Python character encoding (iii)

Source: Internet
Author: User

First, the character encoding classification:

The computer was invented by the Americans, the earliest characters encoded as ASCII, only the English alphanumeric and some special characters and the corresponding relationship between the numbers. Can be represented at most 8 bits (one byte), that is: 2**8 = 256, so the ASCII code can only represent a maximum of 256 symbols

  

Of course, our programming language is not a problem in English, ASCII enough, but in the processing of data, different countries have different languages, the Japanese will be in their own programs to add Japanese, Chinese will join Chinese.

And to express the Chinese, take a single byte table to represent a man, is impossible to express (even elementary school students know more than 2000 Chinese characters), the solution is only one, is a byte with >8 bit 2 in the representation, the more the number of changes on behalf of more, so that can be as many as possible to express the Chinese characters

So the Chinese have set their own standard gb2312 code, which specifies the correspondence between characters, including Chinese.

The Japanese have set their own shift_jis codes.

Koreans set their own EUC-KR codes (in addition, South Koreans say that computers were invented by them, requiring the world to be harmonized with Korean code)

At this time, the problem arises, proficient in 18 languages of the small week classmate modest in 8 languages to write a document, then this document, according to which country standards, will appear garbled (because the various standards at the moment are only the text of their own country, including the character and the corresponding relationship between the numbers, if the use of a national encoding format, Then the language of the remaining languages will be garbled when parsing the text.

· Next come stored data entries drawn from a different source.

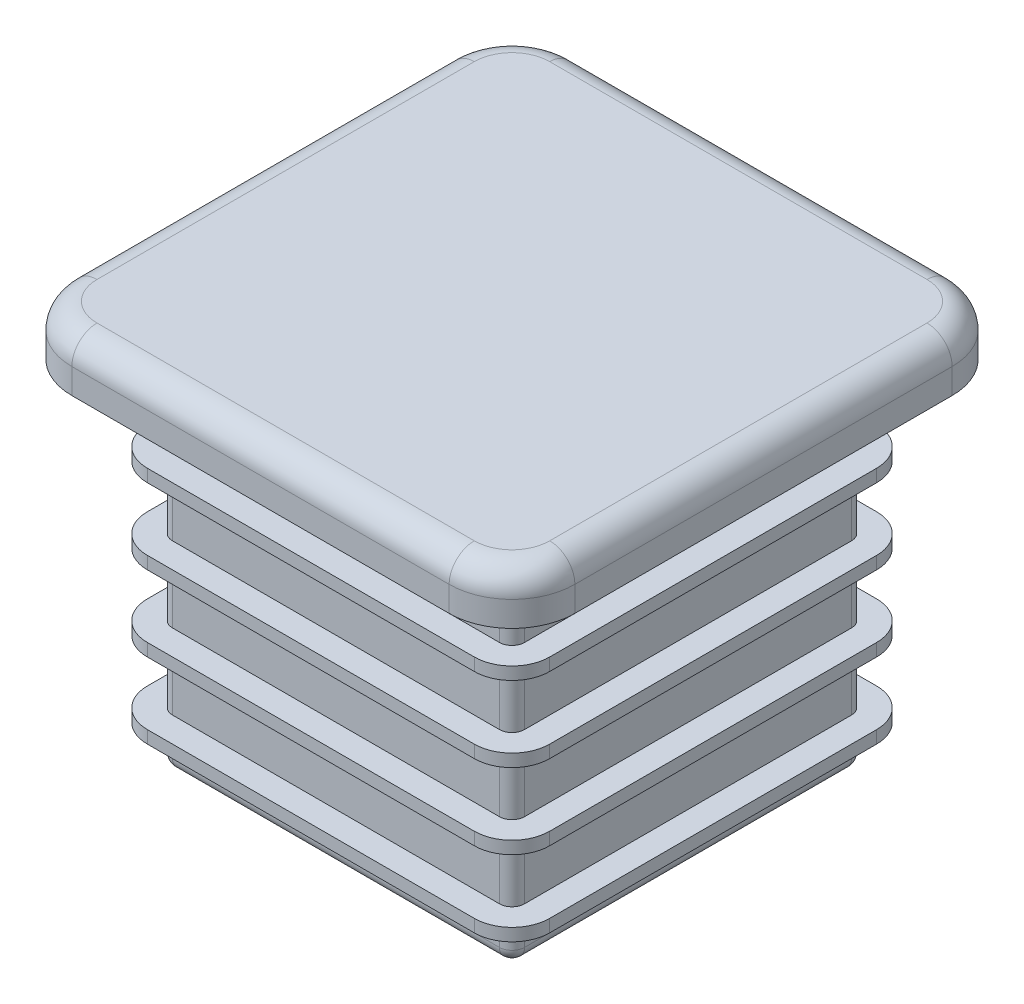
ISO-10303-21;
HEADER;
FILE_DESCRIPTION(('STEP AP214'),'2;1');
FILE_NAME('part.step','',(''),(''),'','','');
FILE_SCHEMA(('AUTOMOTIVE_DESIGN { 1 0 10303 214 1 1 1 1 }'));
ENDSEC;
DATA;
#1=APPLICATION_CONTEXT('core data for automotive mechanical design processes');
#2=APPLICATION_PROTOCOL_DEFINITION('international standard','automotive_design',2000,#1);
#3=PRODUCT_CONTEXT('',#1,'mechanical');
#4=PRODUCT('Part','Part','',(#3));
#5=PRODUCT_RELATED_PRODUCT_CATEGORY('part','',(#4));
#6=PRODUCT_DEFINITION_FORMATION('','',#4);
#7=PRODUCT_DEFINITION_CONTEXT('part definition',#1,'design');
#8=PRODUCT_DEFINITION('design','',#6,#7);
#9=PRODUCT_DEFINITION_SHAPE('','',#8);
#10=(LENGTH_UNIT() NAMED_UNIT(*) SI_UNIT(.MILLI.,.METRE.));
#11=(NAMED_UNIT(*) PLANE_ANGLE_UNIT() SI_UNIT($,.RADIAN.));
#12=(NAMED_UNIT(*) SI_UNIT($,.STERADIAN.) SOLID_ANGLE_UNIT());
#13=UNCERTAINTY_MEASURE_WITH_UNIT(LENGTH_MEASURE(1.E-05),#10,'distance_accuracy_value','');
#14=(GEOMETRIC_REPRESENTATION_CONTEXT(3) GLOBAL_UNCERTAINTY_ASSIGNED_CONTEXT((#13)) GLOBAL_UNIT_ASSIGNED_CONTEXT((#10,
#11,#12)) REPRESENTATION_CONTEXT('',''));
#15=CARTESIAN_POINT('',(0.,0.,0.));
#16=DIRECTION('',(0.,0.,1.));
#17=DIRECTION('',(1.,0.,0.));
#18=AXIS2_PLACEMENT_3D('',#15,#16,#17);
#19=CARTESIAN_POINT('',(7.,-14.,7.));
#20=DIRECTION('',(-1.,0.,0.));
#21=DIRECTION('',(0.,0.,1.));
#22=AXIS2_PLACEMENT_3D('',#19,#20,#21);
#23=PLANE('',#22);
#24=DIRECTION('',(0.,0.,1.));
#25=VECTOR('',#24,1.);
#26=CARTESIAN_POINT('',(7.,-12.,-6.5));
#27=LINE('',#26,#25);
#28=CARTESIAN_POINT('',(7.,-12.,-6.5));
#29=VERTEX_POINT('',#28);
#30=CARTESIAN_POINT('',(7.,-12.,6.5));
#31=VERTEX_POINT('',#30);
#32=EDGE_CURVE('E661',#29,#31,#27,.T.);
#33=ORIENTED_EDGE('',*,*,#32,.F.);
#34=DIRECTION('',(0.,1.,0.));
#35=VECTOR('',#34,1.);
#36=CARTESIAN_POINT('',(7.,-14.,-6.5));
#37=LINE('',#36,#35);
#38=CARTESIAN_POINT('',(7.,-9.5,-6.5));
#39=VERTEX_POINT('',#38);
#40=EDGE_CURVE('E1187',#29,#39,#37,.T.);
#41=ORIENTED_EDGE('',*,*,#40,.T.);
#42=DIRECTION('',(0.,0.,1.));
#43=VECTOR('',#42,1.);
#44=CARTESIAN_POINT('',(7.,-9.5,-6.5));
#45=LINE('',#44,#43);
#46=CARTESIAN_POINT('',(7.,-9.5,6.5));
#47=VERTEX_POINT('',#46);
#48=EDGE_CURVE('E742',#39,#47,#45,.T.);
#49=ORIENTED_EDGE('',*,*,#48,.T.);
#50=DIRECTION('',(0.,1.,0.));
#51=VECTOR('',#50,1.);
#52=CARTESIAN_POINT('',(7.,-14.,6.5));
#53=LINE('',#52,#51);
#54=EDGE_CURVE('E1453',#47,#31,#53,.F.);
#55=ORIENTED_EDGE('',*,*,#54,.T.);
#56=EDGE_LOOP('',(#33,#41,#49,#55));
#57=FACE_BOUND('',#56,.T.);
#58=ADVANCED_FACE('F58',(#57),#23,.F.);
#59=CARTESIAN_POINT('',(-7.,-14.,7.));
#60=DIRECTION('',(0.,0.,-1.));
#61=DIRECTION('',(-1.,0.,0.));
#62=AXIS2_PLACEMENT_3D('',#59,#60,#61);
#63=PLANE('',#62);
#64=DIRECTION('',(-1.,0.,0.));
#65=VECTOR('',#64,1.);
#66=CARTESIAN_POINT('',(6.5,-12.,7.));
#67=LINE('',#66,#65);
#68=CARTESIAN_POINT('',(6.5,-12.,7.));
#69=VERTEX_POINT('',#68);
#70=CARTESIAN_POINT('',(-6.5,-12.,7.));
#71=VERTEX_POINT('',#70);
#72=EDGE_CURVE('E665',#69,#71,#67,.T.);
#73=ORIENTED_EDGE('',*,*,#72,.F.);
#74=DIRECTION('',(0.,1.,0.));
#75=VECTOR('',#74,1.);
#76=CARTESIAN_POINT('',(6.5,-14.,7.));
#77=LINE('',#76,#75);
#78=CARTESIAN_POINT('',(6.5,-9.5,7.));
#79=VERTEX_POINT('',#78);
#80=EDGE_CURVE('E1174',#69,#79,#77,.T.);
#81=ORIENTED_EDGE('',*,*,#80,.T.);
#82=DIRECTION('',(-1.,0.,0.));
#83=VECTOR('',#82,1.);
#84=CARTESIAN_POINT('',(6.5,-9.5,7.));
#85=LINE('',#84,#83);
#86=CARTESIAN_POINT('',(-6.5,-9.5,7.));
#87=VERTEX_POINT('',#86);
#88=EDGE_CURVE('E748',#79,#87,#85,.T.);
#89=ORIENTED_EDGE('',*,*,#88,.T.);
#90=DIRECTION('',(0.,1.,0.));
#91=VECTOR('',#90,1.);
#92=CARTESIAN_POINT('',(-6.5,-14.,7.));
#93=LINE('',#92,#91);
#94=EDGE_CURVE('E1482',#87,#71,#93,.F.);
#95=ORIENTED_EDGE('',*,*,#94,.T.);
#96=EDGE_LOOP('',(#73,#81,#89,#95));
#97=FACE_BOUND('',#96,.T.);
#98=ADVANCED_FACE('F1301',(#97),#63,.F.);
#99=CARTESIAN_POINT('',(6.5,-14.,6.5));
#100=DIRECTION('',(0.,1.,0.));
#101=DIRECTION('',(0.,0.,1.));
#102=AXIS2_PLACEMENT_3D('',#99,#100,#101);
#103=CYLINDRICAL_SURFACE('',#102,0.5);
#104=ORIENTED_EDGE('',*,*,#80,.F.);
#105=CARTESIAN_POINT('',(6.5,-12.,6.5));
#106=DIRECTION('',(0.,-1.,0.));
#107=DIRECTION('',(0.,0.,-1.));
#108=AXIS2_PLACEMENT_3D('',#105,#106,#107);
#109=CIRCLE('',#108,0.5);
#110=EDGE_CURVE('E663',#31,#69,#109,.T.);
#111=ORIENTED_EDGE('',*,*,#110,.F.);
#112=ORIENTED_EDGE('',*,*,#54,.F.);
#113=CARTESIAN_POINT('',(6.5,-9.5,6.5));
#114=DIRECTION('',(0.,-1.,0.));
#115=DIRECTION('',(0.,0.,-1.));
#116=AXIS2_PLACEMENT_3D('',#113,#114,#115);
#117=CIRCLE('',#116,0.5);
#118=EDGE_CURVE('E745',#47,#79,#117,.T.);
#119=ORIENTED_EDGE('',*,*,#118,.T.);
#120=EDGE_LOOP('',(#104,#111,#112,#119));
#121=FACE_BOUND('',#120,.T.);
#122=ADVANCED_FACE('F1309',(#121),#103,.T.);
#123=CARTESIAN_POINT('',(-7.,-14.,7.));
#124=DIRECTION('',(1.,0.,0.));
#125=DIRECTION('',(0.,0.,-1.));
#126=AXIS2_PLACEMENT_3D('',#123,#124,#125);
#127=PLANE('',#126);
#128=DIRECTION('',(0.,0.,-1.));
#129=VECTOR('',#128,1.);
#130=CARTESIAN_POINT('',(-7.,-12.,6.5));
#131=LINE('',#130,#129);
#132=CARTESIAN_POINT('',(-7.,-12.,6.5));
#133=VERTEX_POINT('',#132);
#134=CARTESIAN_POINT('',(-7.,-12.,-6.5));
#135=VERTEX_POINT('',#134);
#136=EDGE_CURVE('E653',#133,#135,#131,.T.);
#137=ORIENTED_EDGE('',*,*,#136,.F.);
#138=DIRECTION('',(0.,1.,0.));
#139=VECTOR('',#138,1.);
#140=CARTESIAN_POINT('',(-7.,-14.,6.5));
#141=LINE('',#140,#139);
#142=CARTESIAN_POINT('',(-7.,-9.5,6.5));
#143=VERTEX_POINT('',#142);
#144=EDGE_CURVE('E1170',#133,#143,#141,.T.);
#145=ORIENTED_EDGE('',*,*,#144,.T.);
#146=DIRECTION('',(0.,0.,-1.));
#147=VECTOR('',#146,1.);
#148=CARTESIAN_POINT('',(-7.,-9.5,6.5));
#149=LINE('',#148,#147);
#150=CARTESIAN_POINT('',(-7.,-9.5,-6.5));
#151=VERTEX_POINT('',#150);
#152=EDGE_CURVE('E729',#143,#151,#149,.T.);
#153=ORIENTED_EDGE('',*,*,#152,.T.);
#154=DIRECTION('',(0.,1.,0.));
#155=VECTOR('',#154,1.);
#156=CARTESIAN_POINT('',(-7.,-14.,-6.5));
#157=LINE('',#156,#155);
#158=EDGE_CURVE('E1420',#151,#135,#157,.F.);
#159=ORIENTED_EDGE('',*,*,#158,.T.);
#160=EDGE_LOOP('',(#137,#145,#153,#159));
#161=FACE_BOUND('',#160,.T.);
#162=ADVANCED_FACE('F1493',(#161),#127,.F.);
#163=CARTESIAN_POINT('',(-6.5,-14.,6.5));
#164=DIRECTION('',(0.,1.,0.));
#165=DIRECTION('',(0.,0.,1.));
#166=AXIS2_PLACEMENT_3D('',#163,#164,#165);
#167=CYLINDRICAL_SURFACE('',#166,0.5);
#168=ORIENTED_EDGE('',*,*,#144,.F.);
#169=CARTESIAN_POINT('',(-6.5,-12.,6.5));
#170=DIRECTION('',(0.,-1.,0.));
#171=DIRECTION('',(0.,0.,-1.));
#172=AXIS2_PLACEMENT_3D('',#169,#170,#171);
#173=CIRCLE('',#172,0.5);
#174=EDGE_CURVE('E651',#71,#133,#173,.T.);
#175=ORIENTED_EDGE('',*,*,#174,.F.);
#176=ORIENTED_EDGE('',*,*,#94,.F.);
#177=CARTESIAN_POINT('',(-6.5,-9.5,6.5));
#178=DIRECTION('',(0.,-1.,0.));
#179=DIRECTION('',(0.,0.,-1.));
#180=AXIS2_PLACEMENT_3D('',#177,#178,#179);
#181=CIRCLE('',#180,0.5);
#182=EDGE_CURVE('E726',#87,#143,#181,.T.);
#183=ORIENTED_EDGE('',*,*,#182,.T.);
#184=EDGE_LOOP('',(#168,#175,#176,#183));
#185=FACE_BOUND('',#184,.T.);
#186=ADVANCED_FACE('F1492',(#185),#167,.T.);
#187=CARTESIAN_POINT('',(-7.,-14.,-7.));
#188=DIRECTION('',(0.,0.,1.));
#189=DIRECTION('',(1.,0.,0.));
#190=AXIS2_PLACEMENT_3D('',#187,#188,#189);
#191=PLANE('',#190);
#192=DIRECTION('',(1.,0.,0.));
#193=VECTOR('',#192,1.);
#194=CARTESIAN_POINT('',(-6.5,-12.,-7.));
#195=LINE('',#194,#193);
#196=CARTESIAN_POINT('',(-6.5,-12.,-7.));
#197=VERTEX_POINT('',#196);
#198=CARTESIAN_POINT('',(6.5,-12.,-7.));
#199=VERTEX_POINT('',#198);
#200=EDGE_CURVE('E657',#197,#199,#195,.T.);
#201=ORIENTED_EDGE('',*,*,#200,.F.);
#202=DIRECTION('',(0.,1.,0.));
#203=VECTOR('',#202,1.);
#204=CARTESIAN_POINT('',(-6.5,-14.,-7.));
#205=LINE('',#204,#203);
#206=CARTESIAN_POINT('',(-6.5,-9.5,-7.));
#207=VERTEX_POINT('',#206);
#208=EDGE_CURVE('E1183',#197,#207,#205,.T.);
#209=ORIENTED_EDGE('',*,*,#208,.T.);
#210=DIRECTION('',(1.,0.,0.));
#211=VECTOR('',#210,1.);
#212=CARTESIAN_POINT('',(-6.5,-9.5,-7.));
#213=LINE('',#212,#211);
#214=CARTESIAN_POINT('',(6.5,-9.5,-7.));
#215=VERTEX_POINT('',#214);
#216=EDGE_CURVE('E736',#207,#215,#213,.T.);
#217=ORIENTED_EDGE('',*,*,#216,.T.);
#218=DIRECTION('',(0.,1.,0.));
#219=VECTOR('',#218,1.);
#220=CARTESIAN_POINT('',(6.5,-14.,-7.));
#221=LINE('',#220,#219);
#222=EDGE_CURVE('E627',#215,#199,#221,.F.);
#223=ORIENTED_EDGE('',*,*,#222,.T.);
#224=EDGE_LOOP('',(#201,#209,#217,#223));
#225=FACE_BOUND('',#224,.T.);
#226=ADVANCED_FACE('F1408',(#225),#191,.F.);
#227=CARTESIAN_POINT('',(-6.5,-14.,-6.5));
#228=DIRECTION('',(0.,1.,0.));
#229=DIRECTION('',(0.,0.,1.));
#230=AXIS2_PLACEMENT_3D('',#227,#228,#229);
#231=CYLINDRICAL_SURFACE('',#230,0.5);
#232=ORIENTED_EDGE('',*,*,#208,.F.);
#233=CARTESIAN_POINT('',(-6.5,-12.,-6.5));
#234=DIRECTION('',(0.,-1.,0.));
#235=DIRECTION('',(0.,0.,-1.));
#236=AXIS2_PLACEMENT_3D('',#233,#234,#235);
#237=CIRCLE('',#236,0.5);
#238=EDGE_CURVE('E655',#135,#197,#237,.T.);
#239=ORIENTED_EDGE('',*,*,#238,.F.);
#240=ORIENTED_EDGE('',*,*,#158,.F.);
#241=CARTESIAN_POINT('',(-6.5,-9.5,-6.5));
#242=DIRECTION('',(0.,-1.,0.));
#243=DIRECTION('',(0.,0.,-1.));
#244=AXIS2_PLACEMENT_3D('',#241,#242,#243);
#245=CIRCLE('',#244,0.5);
#246=EDGE_CURVE('E733',#151,#207,#245,.T.);
#247=ORIENTED_EDGE('',*,*,#246,.T.);
#248=EDGE_LOOP('',(#232,#239,#240,#247));
#249=FACE_BOUND('',#248,.T.);
#250=ADVANCED_FACE('F1418',(#249),#231,.T.);
#251=CARTESIAN_POINT('',(6.5,-14.,-6.5));
#252=DIRECTION('',(0.,1.,0.));
#253=DIRECTION('',(0.,0.,1.));
#254=AXIS2_PLACEMENT_3D('',#251,#252,#253);
#255=CYLINDRICAL_SURFACE('',#254,0.5);
#256=ORIENTED_EDGE('',*,*,#40,.F.);
#257=CARTESIAN_POINT('',(6.5,-12.,-6.5));
#258=DIRECTION('',(0.,-1.,0.));
#259=DIRECTION('',(0.,0.,-1.));
#260=AXIS2_PLACEMENT_3D('',#257,#258,#259);
#261=CIRCLE('',#260,0.5);
#262=EDGE_CURVE('E659',#199,#29,#261,.T.);
#263=ORIENTED_EDGE('',*,*,#262,.F.);
#264=ORIENTED_EDGE('',*,*,#222,.F.);
#265=CARTESIAN_POINT('',(6.5,-9.5,-6.5));
#266=DIRECTION('',(0.,-1.,0.));
#267=DIRECTION('',(0.,0.,-1.));
#268=AXIS2_PLACEMENT_3D('',#265,#266,#267);
#269=CIRCLE('',#268,0.5);
#270=EDGE_CURVE('E739',#215,#39,#269,.T.);
#271=ORIENTED_EDGE('',*,*,#270,.T.);
#272=EDGE_LOOP('',(#256,#263,#264,#271));
#273=FACE_BOUND('',#272,.T.);
#274=ADVANCED_FACE('F1447',(#273),#255,.T.);
#275=CARTESIAN_POINT('',(7.,-9.,-6.5));
#276=VERTEX_POINT('',#275);
#277=CARTESIAN_POINT('',(7.,-6.5,-6.5));
#278=VERTEX_POINT('',#277);
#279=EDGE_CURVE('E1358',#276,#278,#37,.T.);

So there is an urgent need for a world standard (which can contain all the languages of the world) so the Unicode came into being (Koreans say no, then no eggs)

ASCII uses 1 bytes (8-bit binary) to represent one character

Unicode commonly used 2 bytes (16-bit binary) represents a character, the uncommon Word needs 4 bytes

Cases:

The letter x, denoted by ASCII is decimal 120, binary 0111 1000

Chinese characters are beyond the ASCII encoding range, Unicode encoding is decimal 20013 , binary 01001110 00101101 .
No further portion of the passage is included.